Sharon Plan Looking Like Border Blueprint AP
Date: 03-31-05
By STEVEN GUTKIN, Associated Press Writer
JERUSALEM - Prime Minister Ariel Sharon ? in spectacular fashion and with both overt and tacit support from Washington ? is fast imposing a blueprint for Israel's permanent borders that would extend beyond the 1967 frontiers the Palestinians say should frame their future state.
Two parliamentary votes this week cleared the final hurdles to Sharon's plan to vacate the Gaza Strip and four West Bank settlements this summer. The government also plans to expand the West Bank's largest Jewish settlement, vowing to encompass it and others on the Israeli side of a massive separation barrier.
Many Israelis hope that Sharon's "disengagement" plan ? quitting some Palestinian land and building the barrier in the West Bank ? will be the beginning of the end of Israel's occupation of land captured in the 1967 Mideast war and possibly pave the way for a two-state solution to the Arab-Israeli conflict.
But critics say Sharon's go-it-alone approach ? imposing realities on the ground even before negotiations begin ? is likely to hurt peace prospects, torpedo hopes for a contiguous Palestinian state and undermine efforts by the new Palestinian leadership to show their people that moderation pays.
Palestinians say that Washington's unwavering support for controversial Israeli policies ? all in the name of shoring up Sharon as he tries to push through "disengagement" ? damages efforts to build confidence just as peace hopes are at their highest level in years following the Nov. 11 death of Yasser Arafat.
"If there is any change to the 1967 borders, it must be within the framework of negotiations and it must be through an equal exchange of land ... and not by enforcing realities on the ground," Palestinian Foreign Minister Nasser Al-Qidwa told reporters in the West Bank city of Ramallah on Wednesday.
Sharon will meet with President Bush in Texas next month, and several Israeli officials said they expect the prime minister to seek further U.S. support for Israel's plan to hold on to large tracts of West Bank land near Jerusalem in any future peace deal.

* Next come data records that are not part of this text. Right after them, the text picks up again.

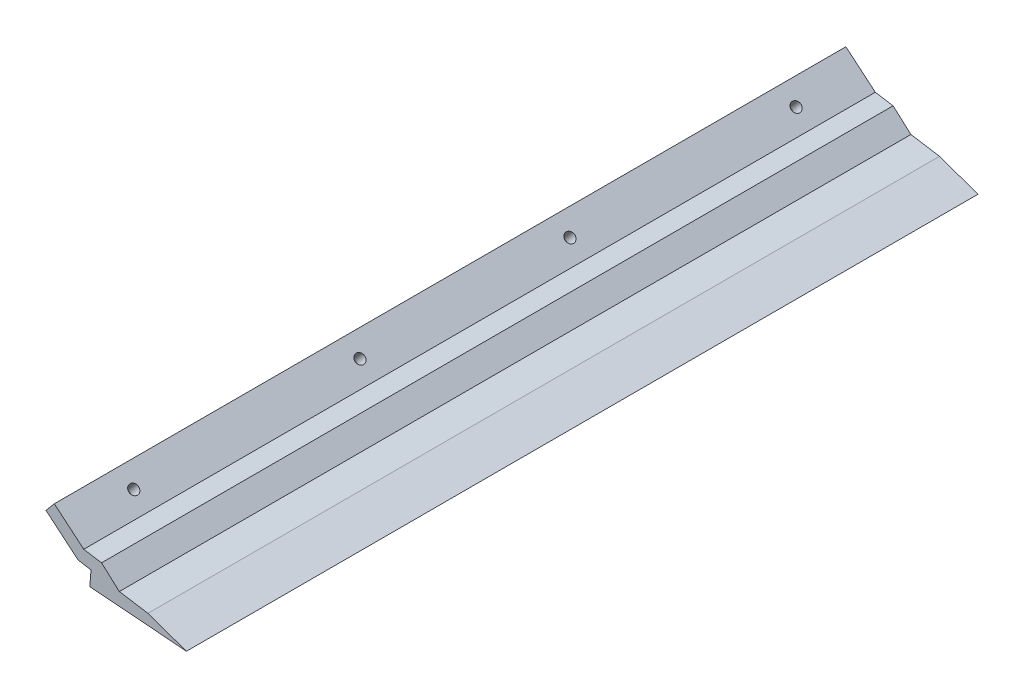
ISO-10303-21;
HEADER;
FILE_DESCRIPTION(('STEP AP214'),'2;1');
FILE_NAME('part.step','',(''),(''),'','','');
FILE_SCHEMA(('AUTOMOTIVE_DESIGN { 1 0 10303 214 1 1 1 1 }'));
ENDSEC;
DATA;
#1=APPLICATION_CONTEXT('core data for automotive mechanical design processes');
#2=APPLICATION_PROTOCOL_DEFINITION('international standard','automotive_design',2000,#1);
#3=PRODUCT_CONTEXT('',#1,'mechanical');
#4=PRODUCT('Part','Part','',(#3));
#5=PRODUCT_RELATED_PRODUCT_CATEGORY('part','',(#4));
#6=PRODUCT_DEFINITION_FORMATION('','',#4);
#7=PRODUCT_DEFINITION_CONTEXT('part definition',#1,'design');
#8=PRODUCT_DEFINITION('design','',#6,#7);
#9=PRODUCT_DEFINITION_SHAPE('','',#8);
#10=(LENGTH_UNIT() NAMED_UNIT(*) SI_UNIT(.MILLI.,.METRE.));
#11=(NAMED_UNIT(*) PLANE_ANGLE_UNIT() SI_UNIT($,.RADIAN.));
#12=(NAMED_UNIT(*) SI_UNIT($,.STERADIAN.) SOLID_ANGLE_UNIT());
#13=UNCERTAINTY_MEASURE_WITH_UNIT(LENGTH_MEASURE(1.E-05),#10,'distance_accuracy_value','');
#14=(GEOMETRIC_REPRESENTATION_CONTEXT(3) GLOBAL_UNCERTAINTY_ASSIGNED_CONTEXT((#13)) GLOBAL_UNIT_ASSIGNED_CONTEXT((#10,
#11,#12)) REPRESENTATION_CONTEXT('',''));
#15=CARTESIAN_POINT('',(0.,0.,0.));
#16=DIRECTION('',(0.,0.,1.));
#17=DIRECTION('',(1.,0.,0.));
#18=AXIS2_PLACEMENT_3D('',#15,#16,#17);
#19=CARTESIAN_POINT('',(0.,0.,245.));
#20=DIRECTION('',(0.,0.,-1.));
#21=DIRECTION('',(-1.,0.,0.));
#22=AXIS2_PLACEMENT_3D('',#19,#20,#21);
#23=PLANE('',#22);
#24=DIRECTION('',(0.0790333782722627,0.996871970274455,0.));
#25=VECTOR('',#24,1.);
#26=CARTESIAN_POINT('',(38.0749704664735,-3.01863592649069,245.));
#27=LINE('',#26,#25);
#28=CARTESIAN_POINT('',(38.5022683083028,2.37100134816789,245.));
#29=VERTEX_POINT('',#28);
#30=CARTESIAN_POINT('',(38.8721934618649,7.03697950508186,245.));
#31=VERTEX_POINT('',#30);
#32=EDGE_CURVE('E217',#29,#31,#27,.T.);
#33=ORIENTED_EDGE('',*,*,#32,.F.);
#34=DIRECTION('',(0.996871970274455,-0.079033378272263,0.));
#35=VECTOR('',#34,1.);
#36=CARTESIAN_POINT('',(32.9164336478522,2.81385398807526,245.));
#37=LINE('',#36,#35);
#38=CARTESIAN_POINT('',(68.4084274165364,0.,245.));
#39=VERTEX_POINT('',#38);
#40=EDGE_CURVE('E240',#29,#39,#37,.T.);
#41=ORIENTED_EDGE('',*,*,#40,.T.);
#42=DIRECTION('',(-0.942668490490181,0.333730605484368,0.));
#43=VECTOR('',#42,1.);
#44=CARTESIAN_POINT('',(56.5013619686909,4.21542907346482,245.));
#45=LINE('',#44,#43);
#46=CARTESIAN_POINT('',(56.5013619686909,4.21542907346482,245.));
#47=VERTEX_POINT('',#46);
#48=EDGE_CURVE('E227',#39,#47,#45,.T.);
#49=ORIENTED_EDGE('',*,*,#48,.T.);
#50=DIRECTION('',(-0.987432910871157,0.15803875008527,0.));
#51=VECTOR('',#50,1.);
#52=CARTESIAN_POINT('',(34.9055240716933,7.67184539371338,245.));
#53=LINE('',#52,#51);
#54=CARTESIAN_POINT('',(47.64506833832,5.63287987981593,245.));
#55=VERTEX_POINT('',#54);
#56=EDGE_CURVE('E228',#47,#55,#53,.T.);
#57=ORIENTED_EDGE('',*,*,#56,.T.);
#58=DIRECTION('',(-0.745290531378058,0.666739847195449,0.));
#59=VECTOR('',#58,1.);
#60=CARTESIAN_POINT('',(42.13028103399,10.5664303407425,245.));
#61=LINE('',#60,#59);
#62=CARTESIAN_POINT('',(42.13028103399,10.5664303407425,245.));
#63=VERTEX_POINT('',#62);
#64=EDGE_CURVE('E209',#55,#63,#61,.T.);
#65=ORIENTED_EDGE('',*,*,#64,.T.);
#66=DIRECTION('',(-0.987432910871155,0.158038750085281,0.));
#67=VECTOR('',#66,1.);
#68=CARTESIAN_POINT('',(36.629582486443,11.4468177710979,245.));
#69=LINE('',#68,#67);
#70=CARTESIAN_POINT('',(36.629582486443,11.4468177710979,245.));
#71=VERTEX_POINT('',#70);
#72=EDGE_CURVE('E210',#63,#71,#69,.T.);
#73=ORIENTED_EDGE('',*,*,#72,.T.);
#74=DIRECTION('',(-0.766044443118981,0.642787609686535,0.));
#75=VECTOR('',#74,1.);
#76=CARTESIAN_POINT('',(27.5180967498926,19.0922620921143,245.));
#77=LINE('',#76,#75);
#78=CARTESIAN_POINT('',(27.5180967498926,19.0922620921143,245.));
#79=VERTEX_POINT('',#78);
#80=EDGE_CURVE('E175',#71,#79,#77,.T.);
#81=ORIENTED_EDGE('',*,*,#80,.T.);
#82=DIRECTION('',(-0.642787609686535,-0.766044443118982,0.));
#83=VECTOR('',#82,1.);
#84=CARTESIAN_POINT('',(24.9469463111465,16.0280843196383,245.));
#85=LINE('',#84,#83);
#86=CARTESIAN_POINT('',(24.9469463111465,16.0280843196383,245.));
#87=VERTEX_POINT('',#86);
#88=EDGE_CURVE('E273',#79,#87,#85,.T.);
#89=ORIENTED_EDGE('',*,*,#88,.T.);
#90=DIRECTION('',(0.766044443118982,-0.642787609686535,0.));
#91=VECTOR('',#90,1.);
#92=CARTESIAN_POINT('',(34.9055240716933,7.67184539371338,245.));
#93=LINE('',#92,#91);
#94=CARTESIAN_POINT('',(34.9055240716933,7.67184539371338,245.));
#95=VERTEX_POINT('',#94);
#96=EDGE_CURVE('E268',#87,#95,#93,.T.);
#97=ORIENTED_EDGE('',*,*,#96,.T.);
#98=DIRECTION('',(0.987432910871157,-0.15803875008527,0.));
#99=VECTOR('',#98,1.);
#100=CARTESIAN_POINT('',(38.8721934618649,7.03697950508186,245.));
#101=LINE('',#100,#99);
#102=EDGE_CURVE('E258',#95,#31,#101,.T.);
#103=ORIENTED_EDGE('',*,*,#102,.T.);
#104=EDGE_LOOP('',(#33,#41,#49,#57,#65,#73,#81,#89,#97,#103));
#105=FACE_BOUND('',#104,.T.);
#106=ADVANCED_FACE('F91',(#105),#23,.F.);
#107=CARTESIAN_POINT('',(0.,0.,0.));
#108=DIRECTION('',(0.,0.,-1.));
#109=DIRECTION('',(-1.,0.,0.));
#110=AXIS2_PLACEMENT_3D('',#107,#108,#109);
#111=PLANE('',#110);
#112=DIRECTION('',(0.996871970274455,-0.079033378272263,0.));
#113=VECTOR('',#112,1.);
#114=CARTESIAN_POINT('',(32.9164336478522,2.81385398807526,0.));
#115=LINE('',#114,#113);
#116=CARTESIAN_POINT('',(38.5022683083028,2.37100134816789,0.));
#117=VERTEX_POINT('',#116);
#118=CARTESIAN_POINT('',(68.4084274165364,0.,0.));
#119=VERTEX_POINT('',#118);
#120=EDGE_CURVE('E238',#117,#119,#115,.T.);
#121=ORIENTED_EDGE('',*,*,#120,.F.);
#122=DIRECTION('',(0.0790333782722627,0.996871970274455,0.));
#123=VECTOR('',#122,1.);
#124=CARTESIAN_POINT('',(38.0749704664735,-3.01863592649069,0.));
#125=LINE('',#124,#123);
#126=CARTESIAN_POINT('',(38.8721934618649,7.03697950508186,0.));
#127=VERTEX_POINT('',#126);
#128=EDGE_CURVE('E213',#117,#127,#125,.T.);
#129=ORIENTED_EDGE('',*,*,#128,.T.);
#130=DIRECTION('',(-0.987432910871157,0.15803875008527,0.));
#131=VECTOR('',#130,1.);
#132=CARTESIAN_POINT('',(38.8721934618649,7.03697950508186,0.));
#133=LINE('',#132,#131);
#134=CARTESIAN_POINT('',(34.9055240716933,7.67184539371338,0.));
#135=VERTEX_POINT('',#134);
#136=EDGE_CURVE('E203',#127,#135,#133,.T.);
#137=ORIENTED_EDGE('',*,*,#136,.T.);
#138=DIRECTION('',(-0.766044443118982,0.642787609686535,0.));
#139=VECTOR('',#138,1.);
#140=CARTESIAN_POINT('',(34.9055240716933,7.67184539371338,0.));
#141=LINE('',#140,#139);
#142=CARTESIAN_POINT('',(24.9469463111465,16.0280843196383,0.));
#143=VERTEX_POINT('',#142);
#144=EDGE_CURVE('E206',#135,#143,#141,.T.);
#145=ORIENTED_EDGE('',*,*,#144,.T.);
#146=DIRECTION('',(0.642787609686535,0.766044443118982,0.));
#147=VECTOR('',#146,1.);
#148=CARTESIAN_POINT('',(24.9469463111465,16.0280843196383,0.));
#149=LINE('',#148,#147);
#150=CARTESIAN_POINT('',(27.5180967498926,19.0922620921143,0.));
#151=VERTEX_POINT('',#150);
#152=EDGE_CURVE('E193',#143,#151,#149,.T.);
#153=ORIENTED_EDGE('',*,*,#152,.T.);
#154=DIRECTION('',(0.766044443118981,-0.642787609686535,0.));
#155=VECTOR('',#154,1.);
#156=CARTESIAN_POINT('',(27.5180967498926,19.0922620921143,0.));
#157=LINE('',#156,#155);
#158=CARTESIAN_POINT('',(36.629582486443,11.4468177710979,0.));
#159=VERTEX_POINT('',#158);
#160=EDGE_CURVE('E172',#151,#159,#157,.T.);
#161=ORIENTED_EDGE('',*,*,#160,.T.);
#162=DIRECTION('',(0.987432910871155,-0.158038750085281,0.));
#163=VECTOR('',#162,1.);
#164=CARTESIAN_POINT('',(36.629582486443,11.4468177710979,0.));
#165=LINE('',#164,#163);
#166=CARTESIAN_POINT('',(42.13028103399,10.5664303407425,0.));
#167=VERTEX_POINT('',#166);
#168=EDGE_CURVE('E183',#159,#167,#165,.T.);
#169=ORIENTED_EDGE('',*,*,#168,.T.);
#170=DIRECTION('',(0.745290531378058,-0.666739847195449,0.));
#171=VECTOR('',#170,1.);
#172=CARTESIAN_POINT('',(42.13028103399,10.5664303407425,0.));
#173=LINE('',#172,#171);
#174=CARTESIAN_POINT('',(47.64506833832,5.63287987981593,0.));
#175=VERTEX_POINT('',#174);
#176=EDGE_CURVE('E187',#167,#175,#173,.T.);
#177=ORIENTED_EDGE('',*,*,#176,.T.);
#178=DIRECTION('',(-0.987432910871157,0.15803875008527,0.));
#179=VECTOR('',#178,1.);
#180=CARTESIAN_POINT('',(34.9055240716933,7.67184539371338,0.));
#181=LINE('',#180,#179);
#182=CARTESIAN_POINT('',(56.5013619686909,4.21542907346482,0.));
#183=VERTEX_POINT('',#182);
#184=EDGE_CURVE('E236',#183,#175,#181,.T.);
#185=ORIENTED_EDGE('',*,*,#184,.F.);
#186=DIRECTION('',(-0.942668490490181,0.333730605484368,0.));
#187=VECTOR('',#186,1.);
#188=CARTESIAN_POINT('',(56.5013619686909,4.21542907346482,0.));
#189=LINE('',#188,#187);
#190=EDGE_CURVE('E230',#119,#183,#189,.T.);
#191=ORIENTED_EDGE('',*,*,#190,.F.);
#192=EDGE_LOOP('',(#121,#129,#137,#145,#153,#161,#169,#177,#185,#191));
#193=FACE_BOUND('',#192,.T.);
#194=ADVANCED_FACE('F190',(#193),#111,.T.);
#195=CARTESIAN_POINT('',(32.9164336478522,2.81385398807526,245.));
#196=DIRECTION('',(0.079033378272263,0.996871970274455,0.));
#197=DIRECTION('',(-0.996871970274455,0.079033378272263,0.));
#198=AXIS2_PLACEMENT_3D('',#195,#196,#197);
#199=PLANE('',#198);
#200=DIRECTION('',(0.,0.,-1.));
#201=VECTOR('',#200,1.);
#202=CARTESIAN_POINT('',(38.5022683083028,2.37100134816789,274.));
#203=LINE('',#202,#201);
#204=EDGE_CURVE('E220',#29,#117,#203,.T.);
#205=ORIENTED_EDGE('',*,*,#204,.T.);
#206=ORIENTED_EDGE('',*,*,#120,.T.);
#207=DIRECTION('',(0.,0.,-1.));
#208=VECTOR('',#207,1.);
#209=CARTESIAN_POINT('',(68.4084274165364,0.,245.));
#210=LINE('',#209,#208);
#211=EDGE_CURVE('E99',#39,#119,#210,.T.);
#212=ORIENTED_EDGE('',*,*,#211,.F.);
#213=ORIENTED_EDGE('',*,*,#40,.F.);
#214=EDGE_LOOP('',(#205,#206,#212,#213));
#215=FACE_BOUND('',#214,.T.);
#216=ADVANCED_FACE('F93',(#215),#199,.F.);
#217=CARTESIAN_POINT('',(34.9055240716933,7.67184539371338,-34.3700704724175));
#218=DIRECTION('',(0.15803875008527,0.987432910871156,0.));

Citing fierce domestic opposition to disengagement, Israel has quietly asked the United States to refrain from criticizing it about settlement expansion or any other issue until after the pullouts are complete this summer, Israeli officials confirmed.
That request ? and the apparent U.S. acquiescence to it ? highlights the enormous importance both nations are placing on the withdrawal plan.
Secretary of State Condoleezza Rice has sent conflicting signals about Israel's plans to build 3,650 homes around the Maaleh Adumim settlement near Jerusalem, which if completed would effectively cut off West Bank Palestinians from their intended capital in East Jerusalem.
In an interview with the Los Angeles Times, Rice said the expansion was "at odds" with U.S. policy, her sharpest criticism of Israel since taking office in January. Then she appeared to step back, declining in a subsequent interview with the Washington Post to repeat the assertion.
Later, she reaffirmed Washington's support for Israel to retain major West Bank settlements under an eventual peace deal, telling Israel Radio that "the changes on the ground, the existing major Israeli population centers will have to be taken into account in any final status negotiation."
Meanwhile, a joint U.S.-Israeli project to delineate settlement "building lines" beyond which no new houses can be constructed has been suspended, ostensibly over technical disagreements. Israeli officials concede, however, that the main reason for the suspension were the U.S. allowances to Sharon in the run-up to disengagement.
Israeli columnist Gershom Gorenberg said the U.S. failure to enforce its official policy opposing Israeli settlement expansion serves as an incentive "for Sharon to try to draw his map on the hillsides."
It's also "a further factor weakening Abu Mazen," said Gorenberg, referring to the nickname of Palestinian leader Mahmoud Abbas.
In recent days Israeli officials have played down the Maaleh Adumim expansion, saying it's still a long way from implementation and pointing out that Israel is constructing a major junction that would allow Palestinians to access east Jerusalem.
Other officials, speaking on condition of anonymity, acknowledged that Israeli policy is to be deliberately vague about the settlement issue to avoid a domestic or international outcry that could imperil disengagement.
Gideon Meir, an Israeli Foreign Ministry spokesman, said the world must understand that Israel is going through "a painful process" with its planned evacuation of Jewish settlers this summer.
"The scenes you are going to see on TV are not going to be nice scenes," he said. "Therefore this process has to be dealt with in a delicate way."
Increasingly virulent opponents on the Israeli right are denouncing Sharon as a traitor and a sellout for his plan to give up land after a lifetime championing Jewish settlements.
Others, however, hail him as the Jewish state's strongest leader since David Ben-Gurion.
Wrote columnist Yoel Marcus in the Haaretz daily: "With Sharon's bold and single-minded efforts to create permanent borders for Israel, he is imposing on this country its most important national agenda since the (1967) Six-Day War."